I don't think PLN supports that though, not yet.
I'm totally unclear on the performance profile for atomese. So, for
example: one could use the pattern matcher only, and implement naive
forward chaining. The statement "eight(sophie)" declares a fact
without any variables: "sophie" is an "eight", and since
"sweep_boat(BOAT) :- eight(BOAT)" then one run of the pattern matcher
will generate the fact that "sophie" is a "sweep_boat", and a second
pass will generate the fact that "sophie" is a "boat". Turning the
crank in this way will eventually generate every possible fact that can
be deduced.
This naive approach pollutes the atomspace with lots and lots of
redundant facts. In this particular case, its manageable: although a
combinatorial explosion is possible in principle, its absent in practice
(there are just barely enough boats for everyone, and sometimes not
enough - the problem is sometimes not satisfiable)

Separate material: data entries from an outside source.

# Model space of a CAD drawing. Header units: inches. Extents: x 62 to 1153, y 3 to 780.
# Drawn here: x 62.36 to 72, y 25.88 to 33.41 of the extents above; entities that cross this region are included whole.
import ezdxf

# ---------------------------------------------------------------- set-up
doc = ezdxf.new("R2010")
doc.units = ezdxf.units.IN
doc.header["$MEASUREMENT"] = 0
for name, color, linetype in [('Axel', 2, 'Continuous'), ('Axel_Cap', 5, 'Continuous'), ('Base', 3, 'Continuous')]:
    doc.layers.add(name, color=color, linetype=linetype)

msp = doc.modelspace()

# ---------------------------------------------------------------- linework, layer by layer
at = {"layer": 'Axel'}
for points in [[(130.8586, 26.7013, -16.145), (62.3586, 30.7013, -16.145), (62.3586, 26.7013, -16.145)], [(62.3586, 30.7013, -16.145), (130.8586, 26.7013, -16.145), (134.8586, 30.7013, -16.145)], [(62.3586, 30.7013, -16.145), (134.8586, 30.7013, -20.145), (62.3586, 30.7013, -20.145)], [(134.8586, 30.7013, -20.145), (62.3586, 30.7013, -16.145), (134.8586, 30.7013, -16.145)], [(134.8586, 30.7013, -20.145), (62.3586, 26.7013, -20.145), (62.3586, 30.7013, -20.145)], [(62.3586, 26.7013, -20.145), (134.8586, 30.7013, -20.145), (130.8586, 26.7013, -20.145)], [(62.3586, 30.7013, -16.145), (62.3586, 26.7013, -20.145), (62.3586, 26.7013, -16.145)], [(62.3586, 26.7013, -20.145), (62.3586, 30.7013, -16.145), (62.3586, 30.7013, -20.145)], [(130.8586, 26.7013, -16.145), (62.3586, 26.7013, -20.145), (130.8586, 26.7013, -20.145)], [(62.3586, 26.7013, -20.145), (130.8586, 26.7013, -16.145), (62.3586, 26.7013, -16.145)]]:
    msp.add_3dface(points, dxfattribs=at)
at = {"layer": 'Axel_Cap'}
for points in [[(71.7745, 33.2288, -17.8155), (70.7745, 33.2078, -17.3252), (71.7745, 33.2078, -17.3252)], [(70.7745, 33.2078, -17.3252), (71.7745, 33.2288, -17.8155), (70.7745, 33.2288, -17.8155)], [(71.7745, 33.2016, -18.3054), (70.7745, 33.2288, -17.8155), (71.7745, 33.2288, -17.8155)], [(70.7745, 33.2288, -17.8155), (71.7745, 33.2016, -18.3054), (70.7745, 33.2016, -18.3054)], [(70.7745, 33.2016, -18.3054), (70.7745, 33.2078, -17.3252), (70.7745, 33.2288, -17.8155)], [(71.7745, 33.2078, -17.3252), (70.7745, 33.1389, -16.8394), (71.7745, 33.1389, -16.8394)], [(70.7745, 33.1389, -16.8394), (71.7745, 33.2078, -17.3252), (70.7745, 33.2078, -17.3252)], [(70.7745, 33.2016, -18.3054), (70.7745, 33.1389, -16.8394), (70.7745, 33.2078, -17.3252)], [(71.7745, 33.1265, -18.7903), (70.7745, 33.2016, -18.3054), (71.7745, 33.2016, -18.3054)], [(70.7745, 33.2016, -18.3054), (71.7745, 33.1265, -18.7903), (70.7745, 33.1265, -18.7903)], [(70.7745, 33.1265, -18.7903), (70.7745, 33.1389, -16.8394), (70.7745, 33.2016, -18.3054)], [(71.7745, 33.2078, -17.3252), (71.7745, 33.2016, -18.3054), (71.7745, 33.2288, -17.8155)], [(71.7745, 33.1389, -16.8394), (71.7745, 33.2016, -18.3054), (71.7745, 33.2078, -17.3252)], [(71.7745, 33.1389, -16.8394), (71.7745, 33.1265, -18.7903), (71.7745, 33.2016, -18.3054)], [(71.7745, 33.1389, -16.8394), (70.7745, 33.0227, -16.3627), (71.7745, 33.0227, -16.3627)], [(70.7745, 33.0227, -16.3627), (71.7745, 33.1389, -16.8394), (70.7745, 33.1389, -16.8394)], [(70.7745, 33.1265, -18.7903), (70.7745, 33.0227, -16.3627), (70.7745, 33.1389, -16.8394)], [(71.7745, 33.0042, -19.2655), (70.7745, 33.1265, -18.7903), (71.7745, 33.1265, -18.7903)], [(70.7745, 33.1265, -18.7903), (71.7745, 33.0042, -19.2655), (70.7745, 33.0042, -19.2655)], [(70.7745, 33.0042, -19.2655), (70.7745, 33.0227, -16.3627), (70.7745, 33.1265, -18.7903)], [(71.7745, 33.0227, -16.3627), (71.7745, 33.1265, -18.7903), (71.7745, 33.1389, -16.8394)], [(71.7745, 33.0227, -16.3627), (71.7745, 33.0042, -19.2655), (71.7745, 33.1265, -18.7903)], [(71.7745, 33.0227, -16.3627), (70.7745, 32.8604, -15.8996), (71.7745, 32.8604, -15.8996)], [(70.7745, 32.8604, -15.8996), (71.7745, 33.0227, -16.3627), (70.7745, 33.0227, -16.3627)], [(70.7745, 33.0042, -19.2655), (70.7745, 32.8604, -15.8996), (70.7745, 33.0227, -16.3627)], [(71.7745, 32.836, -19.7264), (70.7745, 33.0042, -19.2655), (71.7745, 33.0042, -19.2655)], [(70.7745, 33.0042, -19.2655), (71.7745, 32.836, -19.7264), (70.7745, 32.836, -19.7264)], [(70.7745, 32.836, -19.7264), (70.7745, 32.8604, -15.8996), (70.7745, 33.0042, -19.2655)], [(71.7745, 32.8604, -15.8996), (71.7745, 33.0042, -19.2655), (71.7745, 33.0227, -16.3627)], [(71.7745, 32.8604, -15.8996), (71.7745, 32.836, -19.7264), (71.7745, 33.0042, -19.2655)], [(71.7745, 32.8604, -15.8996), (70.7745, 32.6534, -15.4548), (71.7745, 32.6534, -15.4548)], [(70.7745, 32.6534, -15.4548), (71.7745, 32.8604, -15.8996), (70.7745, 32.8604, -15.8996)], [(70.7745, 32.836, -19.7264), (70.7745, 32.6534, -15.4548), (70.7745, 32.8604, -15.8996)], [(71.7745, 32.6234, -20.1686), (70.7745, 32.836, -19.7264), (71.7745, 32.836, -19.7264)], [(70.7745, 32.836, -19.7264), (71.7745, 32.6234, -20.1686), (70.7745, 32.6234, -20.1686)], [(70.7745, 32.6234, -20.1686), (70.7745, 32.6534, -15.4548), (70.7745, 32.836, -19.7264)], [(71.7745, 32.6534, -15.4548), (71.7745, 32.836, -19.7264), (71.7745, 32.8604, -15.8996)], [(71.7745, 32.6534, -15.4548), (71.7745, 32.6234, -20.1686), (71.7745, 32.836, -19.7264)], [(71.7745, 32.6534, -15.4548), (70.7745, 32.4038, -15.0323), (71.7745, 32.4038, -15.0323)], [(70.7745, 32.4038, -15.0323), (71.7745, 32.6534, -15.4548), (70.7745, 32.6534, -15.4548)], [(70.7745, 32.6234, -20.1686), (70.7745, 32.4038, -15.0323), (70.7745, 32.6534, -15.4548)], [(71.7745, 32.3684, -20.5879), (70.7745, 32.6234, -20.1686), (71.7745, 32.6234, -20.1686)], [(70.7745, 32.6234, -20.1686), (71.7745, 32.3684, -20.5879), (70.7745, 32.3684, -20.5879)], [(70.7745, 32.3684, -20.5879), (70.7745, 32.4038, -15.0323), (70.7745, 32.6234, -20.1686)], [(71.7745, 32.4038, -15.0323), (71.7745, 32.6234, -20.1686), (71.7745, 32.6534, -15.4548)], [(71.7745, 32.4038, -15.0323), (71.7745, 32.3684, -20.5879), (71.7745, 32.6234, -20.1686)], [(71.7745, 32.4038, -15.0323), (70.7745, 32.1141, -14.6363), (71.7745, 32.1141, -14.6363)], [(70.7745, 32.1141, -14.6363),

The forward chainer is supposed to avoid this pollution. I'm somewhat
unclear on how its actually implemented. I'm also unclear on the
backward chainer.
I don't think the forward chainer avoids this pollution. The backward
chainer does however, by only executing inference trees that can
possibly infer the target, and by only adding the proven targets to the
atomspace, not the intermediary results (well, users might want to
change that though).
The forward chainer is much less mature that the backward chainer, and
ultimately both should be unified into one elegant chainer that can go
both backward and forward (I more or less see how it should be done,
just need the time).
The ASP solver treats the assertions as a graph: In my infamous,
unfinished, unliked "sheaf" paper, the expression "available(RACE, BOAT)
:- racenum(RACE), crew(CREW), boat(BOAT), not inuse(RACE, CREW, BOAT)."
would be a "seed" (jigsaw-puzzle piece) having three connectors - BOAT,
CREW and RACE, and the task is to connect together all such "puzzle
pieces" to find the answer. The ASP solvers do this by pruning all
trivial, unidirectional connections (e.g. "sophie" is a "sweep_boat" is
trivial, since there are no conflicts that prevent the deduction of this
fact). After pruning all deductions that are not conflicting, what is
left is some tight knot of conflicting deductions, which the ASP solver
examines exhaustively, exploring every possible case. Then for each
possible solution, the trivial connections are reattached, and the
result is reported to the user. Bingo.
Oh, very much like a type checker engine in fact (where mutual recursive
functions form cliques of bidirectional connections). Unsurprisingly
since both are satisfyability solvers. Certainly one should be able to
emulate that sort of strategy with adequate inference control rules, not
sure how hard that would be though. But as efficient as it might be in
practice I suspect there are cases where open-ended inference can solve
the problem in a few steps while such a solver would take millions.